(Exercise requirements) Transcribe the listing below only from the line with "line L4 (-50.3163, -51.0225)" up to and including the line with "line L19 (-10.0225, 20.6923)".
=== Source data ===
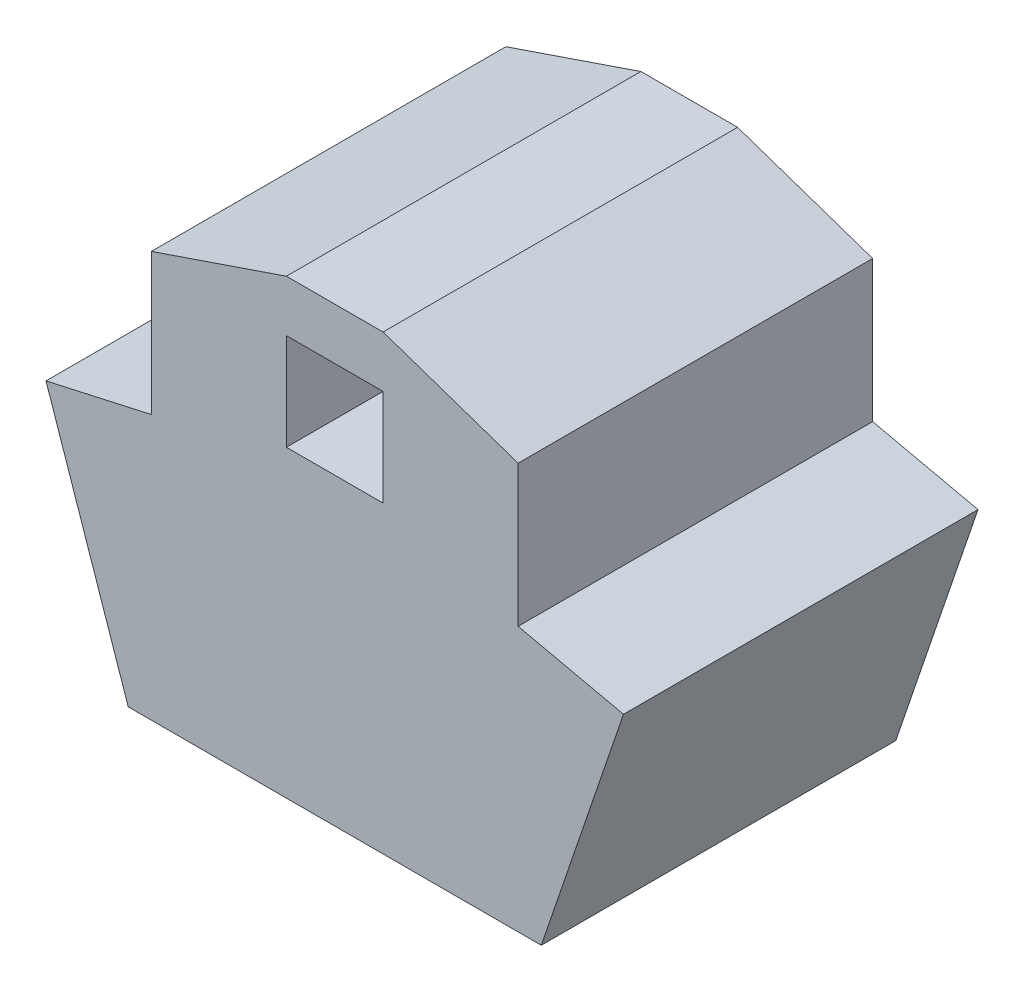
SolidWorks part; units mm, degrees
ref_plane "Front Plane" through (0, 0, 0) normal (0, 0, 1) x (1, 0, 0)
ref_plane "Top Plane" through (0, 0, 0) normal (0, 1, 0) x (1, 0, 0)
ref_plane "Right Plane" through (0, 0, 0) normal (1, 0, 0) x (0, 0, -1)
sketch "Sketch1" plane through (0, 0, 0) normal (0, 0, 1) x (1, 0, 0)
  line L0 (0, 45.5072) -> (0, -40.4348) construction
  line L1 (-48.8406, 0) -> (45.7971, 0) construction
  line L3 (10.0225, -10.0225) -> (-10.0225, -10.0225)
  line L4 (10.0225, -10.0225) -> (10.0225, 10.0225)
  line L5 (10.0225, 10.0225) -> (-10.0225, 10.0225)
  line L6 (-10.0225, -10.0225) -> (-10.0225, 10.0225)
  line L7 (10.0225, -10.0225) -> (-10.0225, 10.0225) construction
  line L8 (10.0225, 10.0225) -> (-10.0225, -10.0225) construction
  line L18 (-12.5, -26.0225) -> (12.5, -26.0225)
  line L19 (12.5, -26.0225) -> (20, -48.0225)
  line L20 (-20, -48.0225) -> (20, -48.0225)
  line L21 (-12.5, -26.0225) -> (-20, -48.0225)
  line L40 (15.6695, -26.0225) -> (23.1695, -48.0225)
  line L45 (15.6695, -26.0225) -> (55.6695, -26.0225)
  line L47 (55.6695, -26.0225) -> (48.1695, -48.0225)
  line L49 (48.1695, -48.0225) -> (23.1695, -48.0225)
  line L51 (59.8618, -23.0225) -> (50.3163, -51.0225)
  line L53 (-35.6695, -48.0225) -> (-35.6695, -55.9008) construction
  line L54 (15.6695, -23.0225) -> (59.8618, -23.0225) construction
  line L55 (-15.6695, -26.0225) -> (-55.6695, -26.0225)
  line L56 (14.6468, -23.0225) -> (24.1923, -51.0225) construction
  line L57 (-24.1923, -51.0225) -> (24.1923, -51.0225) construction
  line L58 (50.3163, -51.0225) -> (23.1695, -51.0225) construction
  line L59 (-55.6695, -26.0225) -> (-48.1695, -48.0225)
  line L60 (-48.1695, -48.0225) -> (-23.1695, -48.0225)
  line L61 (-15.6695, -26.0225) -> (-23.1695, -48.0225)
  line L62 (-14.6468, -23.0225) -> (-24.1923, -51.0225) construction
  line L64 (-59.8618, -23.0225) -> (-50.3163, -51.0225)
  line L67 (-11.4773, -23.0225) -> (-21.0227, -51.0225) construction
  line L68 (-11.4773, -23.0225) -> (-59.8618, -23.0225) construction
  line L69 (-14.6468, -23.0225) -> (14.6468, -23.0225) construction
  line L70 (-50.3163, -51.0225) -> (-21.0227, -51.0225) construction
  line L71 (-50.3163, -51.0225) -> (50.3163, -51.0225)
  line L72 (-13.0225, -23.5) -> (-13.0225, 16.5)
  line L73 (-13.0225, 16.5) -> (-35.0225, 9)
  line L74 (-35.0225, 9) -> (-35.0225, -16)
  line L75 (-35.0225, -16) -> (-13.0225, -23.5)
  line L76 (-39.4516, -3.5) -> (45.7971, -3.5) construction
  line L77 (35.0225, 9) -> (35.0225, -16)
  line L78 (13.0225, 16.5) -> (35.0225, 9)
  line L79 (13.0225, -23.5) -> (13.0225, 16.5)
  line L80 (35.0225, -16) -> (13.0225, -23.5)
  line L83 (-10.0225, 20.6923) -> (-38.0225, 11.1468)
  line L84 (-38.0225, 11.1468) -> (-38.0225, -18.1468)
  line L85 (-10.0225, -27.6923) -> (-10.0225, 20.6923) construction
  line L86 (-38.0225, -18.1468) -> (-10.0225, -27.6923) construction
  line L87 (-59.8618, -23.0225) -> (-38.0225, -18.1468)
  line L88 (-10.0225, 20.6923) -> (0, 20.6923)
  line L89 (38.0225, 11.1468) -> (38.0225, -18.1468)
  line L92 (10.0225, 20.6923) -> (38.0225, 11.1468)
  line L93 (10.0225, -27.6923) -> (10.0225, 20.6923) construction
  line L94 (38.0225, -18.1468) -> (10.0225, -27.6923) construction
  line L95 (59.8618, -23.0225) -> (38.0225, -18.1468)
  line L96 (10.0225, 20.6923) -> (0, 20.6923)
  point P5 (0, 0)
  point P10 (0, 0)
  point P13 (0, 14)
  point P14 (0, 35)
  point P16 (22.4772, 38)
  point P18 (-22.4772, 38)
  point P19 (0, 35)
  point P20 (-14.7629, 11)
  point P33 (14.7629, 11)
  dimension "D1" = 20.045
  dimension "D2" = 20.045
  dimension "D3" = 25
  dimension "D4" = 40
  dimension "D5" = 22
  dimension "D6" = 3
  dimension "D8" = 16
  dimension "D9" = 20
  dimension "D10" = 3
  dimension "D11" = 40
  dimension "D7" = 12.5
  dimension "D13" = 3
  dimension "D14" = 40
  dimension "D15" = 25
  dimension "D16" = 3.5
  dimension "D17" = 12.5
  dimension "D18" = 20
  dimension "D19" = 22
  dimension "D12" = 3
  dimension "D20" = 3
  dimension "D21" = 3
extrude "Boss-Extrude1" add sketch "Sketch1" along normal blind 73.5
sketch "Sketch2" plane through (0, 0, 0) normal (0, 0, 1) x (1, 0, 0)
  line L5 (0, 26.7053) -> (0, -60.761) construction
  line L16 (-15.6695, -24.0225) -> (-55.6695, -24.0225)
  line L17 (-17.688, -24.0225) -> (-55.162, -24.0225)
  line L19 (-37.5867, -20.0988) -> (-59.426, -24.9744)
  line L20 (-32.5174, -18.967) -> (-55.162, -24.0225)
  line L21 (17.688, -24.0225) -> (55.162, -24.0225)
  line L22 (-35.6678, -17.893) -> (-13.6678, -25.393)
  line L23 (-32.5174, -18.967) -> (-17.688, -24.0225)
  line L24 (32.5174, -18.967) -> (55.162, -24.0225)
  line L25 (32.5174, -18.967) -> (17.688, -24.0225)
  dimension "D1" = 2
  dimension "D2" = 2
  dimension "D3" = 2
extrude "Cut-Extrude2" cut sketch "Sketch2" along normal through all
sketch "Sketch3" plane through (0, 0, 0) normal (0, 0, 1) x (1, 0, 0)
  line L0 (0, 24.4574) -> (0, -32.3369) construction
  ellipse E0 centre (0, -18) end of major axis (9, -18) minor radius 5
  dimension "D1" = 18
  dimension "D2" = 9
  dimension "D5" = 5
extrude "Cut-Extrude4" cut sketch "Sketch3" along normal through all
sketch "Sketch4" plane through (0, 0, 0) normal (1, 0, 0) x (0, 0, -1)
  line L0 (-89.3161, -36.52) -> (42.3095, -36.52) construction
  line L1 (-36.75, 29.8449) -> (-36.75, -56.0115) construction
  line L2 (-36.75, -36.52) -> (-58.75, -36.52) construction
  line L3 (-36.75, -36.52) -> (-14.75, -36.52) construction
  line L4 (-36.75, -36.52) -> (-14.75, -36.52) construction
  circle A0 centre (-36.75, -36.52) radius 7
  circle A2 centre (-58.75, -36.52) radius 7
  circle A3 centre (-14.75, -36.52) radius 7
  dimension "D3" = 14
  dimension "D1" = 36.52
  dimension "D2" = 36.75
  dimension "D5" = 22
  dimension "D7" = 22
  dimension "D6" = 2
  dimension "D4" = 2
extrude "Cut-Extrude5" cut sketch "Sketch4" against normal through all both and the other way through all
sketch "Sketch5" plane through (38.0225, 0, 0) normal (1, 0, 0) x (0, 0, -1)
  line L0 (-85.8813, -3.5) -> (19.6328, -3.5) construction
  line L1 (-36.75, -3.5) -> (-14.75, -3.5) construction
  line L2 (-36.75, -3.5) -> (-58.75, -3.5) construction
  circle A0 centre (-36.75, -3.5) radius 7
  circle A1 centre (-14.75, -3.5) radius 7
  circle A2 centre (-58.75, -3.5) radius 7
  dimension "D2" = 14
  dimension "D3" = 36.75
  dimension "D1" = 3.5
  dimension "D5" = 22
  dimension "D7" = 22
  dimension "D4" = 2
  dimension "D6" = 2
extrude "Cut-Extrude6" cut sketch "Sketch5" against normal blind 10
sketch "Sketch6" plane through (-38.0225, 0, 0) normal (-1, 0, 0) x (0, 0, 1)
  line L0 (-12.5672, -3.5) -> (85.8413, -3.5) construction
  line L1 (36.75, -3.5) -> (58.75, -3.5) construction
  line L2 (36.75, -3.5) -> (14.75, -3.5) construction
  circle A0 centre (36.75, -3.5) radius 7
  circle A1 centre (58.75, -3.5) radius 7
  circle A2 centre (14.75, -3.5) radius 7
  dimension "D2" = 14
  dimension "D3" = 36.75
  dimension "D1" = 3.5
  dimension "D5" = 22
  dimension "D7" = 22
  dimension "D4" = 2
  dimension "D6" = 2
extrude "Cut-Extrude7" cut sketch "Sketch6" against normal blind 10
sketch "Sketch7" plane through (0, -51.0225, 0) normal (0, -1, 0) x (1, 0, 0)
  line L0 (0, 77.452) -> (0, -13.4565) construction
  line L1 (0, 36.75) -> (35.16, 36.75) construction
  line L2 (0, 36.75) -> (-35.16, 36.75) construction
  circle A0 centre (0, 36.75) radius 7.5
  circle A1 centre (35.16, 36.75) radius 7.5
  circle A4 centre (-35.16, 36.75) radius 7.5
  circle A5 centre (0, 58.75) radius 7.5 [skipped]
  circle A6 centre (35.16, 58.75) radius 7.5 [skipped]
  circle A7 centre (0, 58.75) radius 7.5
  circle A8 centre (35.16, 58.75) radius 7.5
  circle A9 centre (-35.16, 58.75) radius 7.5
  circle A10 centre (0, 14.75) radius 7.5
  circle A11 centre (35.16, 14.75) radius 7.5
  circle A12 centre (-35.16, 14.75) radius 7.5
  dimension "D1" = 15
  dimension "D2" = 36.75
  dimension "D5" = 35.16
  dimension "D7" = 35.16
  dimension "D3" = 2
  dimension "D4" = 2
  dimension "D6" = 2
  dimension "D8" = 2
  dimension "D9" = 2
extrude "Cut-Extrude8" cut sketch "Sketch7" against normal blind 10
sketch "Sketch8" plane through (0, 0, 0) normal (0, 1, 0) x (1, 0, 0)
  line L0 (0, 9.1455) -> (0, -79.6194) construction
  circle A0 centre (23.52, -36.75) radius 7
  circle A1 centre (23.52, -14.75) radius 7
  circle A2 centre (23.52, -58.75) radius 7
  circle A3 centre (-23.52, -58.75) radius 7
  circle A4 centre (-23.52, -14.75) radius 7
  circle A5 centre (-23.52, -36.75) radius 7
  dimension "D1" = 14
  dimension "D2" = 36.75
  dimension "D3" = 23.52
  dimension "D4" = 2
  dimension "D5" = 2
extrude "Cut-Extrude9" cut sketch "Sketch8" along normal through all and the other way up to surface other way up to face at (-36.425, -24.0225, 36.75)
sketch "Sketch9" plane through (0, 20.6923, 0) normal (0, 1, 0) x (1, 0, 0)
  line L0 (0, 10.7424) -> (0, -82.6878) construction
  line L1 (-69.9781, -36.75) -> (68.9694, -36.75) construction
  circle A0 centre (0, -10) radius 2.75
  circle A1 centre (0, -63.5) radius 2.75
  point P5 (0, -10)
  dimension "D2" = 5.5
  dimension "D1" = 36.75
  dimension "D4" = 26.75
extrude "Cut-Extrude10" cut sketch "Sketch9" against normal blind 15
sketch "Sketch10" plane through (0, 20.6923, 0) normal (0, 1, 0) x (1, 0, 0)
  circle A0 centre (0, -10) radius 5.1
  circle A1 centre (0, -63.5) radius 5.1
  dimension "D1" = 10.2
  dimension "D2" = 10.2
extrude "Cut-Extrude11" cut sketch "Sketch10" against normal blind 4
sketch "Sketch11" plane through (0, 0, 0) normal (0, 0, 1) x (1, 0, 0)
  line L0 (0, 36.7796) -> (0, -82.5434) construction
  line L1 (-50.3163, -51.0225) -> (-42.8163, -73.0225)
  line L2 (-42.8163, -73.0225) -> (42.8163, -73.0225)
  line L3 (-59.8618, -23.0225) -> (-50.3163, -51.0225) construction
  line L4 (-50.3163, -51.0225) -> (50.3163, -51.0225) construction
  line L5 (50.3163, -51.0225) -> (42.8163, -73.0225)
  line L6 (-10.0225, -10.0225) -> (10.0225, -10.0225) construction
  line L7 (10.0225, -10.0225) -> (10.0225, 10.0225) construction
  line L8 (10.0225, 10.0225) -> (-10.0225, 10.0225) construction
  line L9 (-10.0225, 10.0225) -> (-10.0225, -10.0225) construction
  line L10 (-10.0225, -10.0225) -> (10.0225, -10.0225)
  line L11 (10.0225, -10.0225) -> (10.0225, 10.0225)
  line L12 (10.0225, 10.0225) -> (-10.0225, 10.0225)
  line L13 (-10.0225, 10.0225) -> (-10.0225, -10.0225)
  line L15 (59.8618, -23.0225) -> (38.0225, -18.1468)
  line L16 (38.0225, -18.1468) -> (38.0225, 11.1468)
  line L17 (38.0225, 11.1468) -> (10.0225, 20.6923)
  line L18 (10.0225, 20.6923) -> (-10.0225, 20.6923)
  line L19 (-10.0225, 20.6923) -> (-38.0225, 11.1468)
  line L20 (-38.0225, 11.1468) -> (-38.0225, -18.1468)
  line L21 (-38.0225, -18.1468) -> (-59.8618, -23.0225)
  line L22 (-59.8618, -23.0225) -> (-50.3163, -51.0225)
  line L23 (-50.3163, -51.0225) -> (50.3163, -51.0225)
  line L24 (50.3163, -51.0225) -> (59.8618, -23.0225)
  line L25 (59.8618, -23.0225) -> (38.0225, -18.1468)
  line L26 (38.0225, -18.1468) -> (38.0225, 11.1468)
  line L27 (38.0225, 11.1468) -> (10.0225, 20.6923)
  line L28 (10.0225, 20.6923) -> (-10.0225, 20.6923)
  line L29 (-10.0225, 20.6923) -> (-38.0225, 11.1468)
  line L30 (-38.0225, 11.1468) -> (-38.0225, -18.1468)
  line L31 (-38.0225, -18.1468) -> (-59.8618, -23.0225)
  line L32 (-59.8618, -23.0225) -> (-50.3163, -51.0225)
  line L34 (50.3163, -51.0225) -> (59.8618, -23.0225)
  point P15 (0, -73.0225)
  dimension "D1" = 22
  dimension "D2" = 0
extrude "Boss-Extrude2" add sketch "Sketch11" along normal up to surface (73.5 mm away) up to face at (9, -18, 73.5)
===
(Response to this exercise)
  line L4 (-50.3163, -51.0225) -> (50.3163, -51.0225) construction
  line L5 (50.3163, -51.0225) -> (42.8163, -73.0225)
  line L6 (-10.0225, -10.0225) -> (10.0225, -10.0225) construction
  line L7 (10.0225, -10.0225) -> (10.0225, 10.0225) construction
  line L8 (10.0225, 10.0225) -> (-10.0225, 10.0225) construction
  line L9 (-10.0225, 10.0225) -> (-10.0225, -10.0225) construction
  line L10 (-10.0225, -10.0225) -> (10.0225, -10.0225)
  line L11 (10.0225, -10.0225) -> (10.0225, 10.0225)
  line L12 (10.0225, 10.0225) -> (-10.0225, 10.0225)
  line L13 (-10.0225, 10.0225) -> (-10.0225, -10.0225)
  line L15 (59.8618, -23.0225) -> (38.0225, -18.1468)
  line L16 (38.0225, -18.1468) -> (38.0225, 11.1468)
  line L17 (38.0225, 11.1468) -> (10.0225, 20.6923)
  line L18 (10.0225, 20.6923) -> (-10.0225, 20.6923)
  line L19 (-10.0225, 20.6923) -> (-38.0225, 11.1468)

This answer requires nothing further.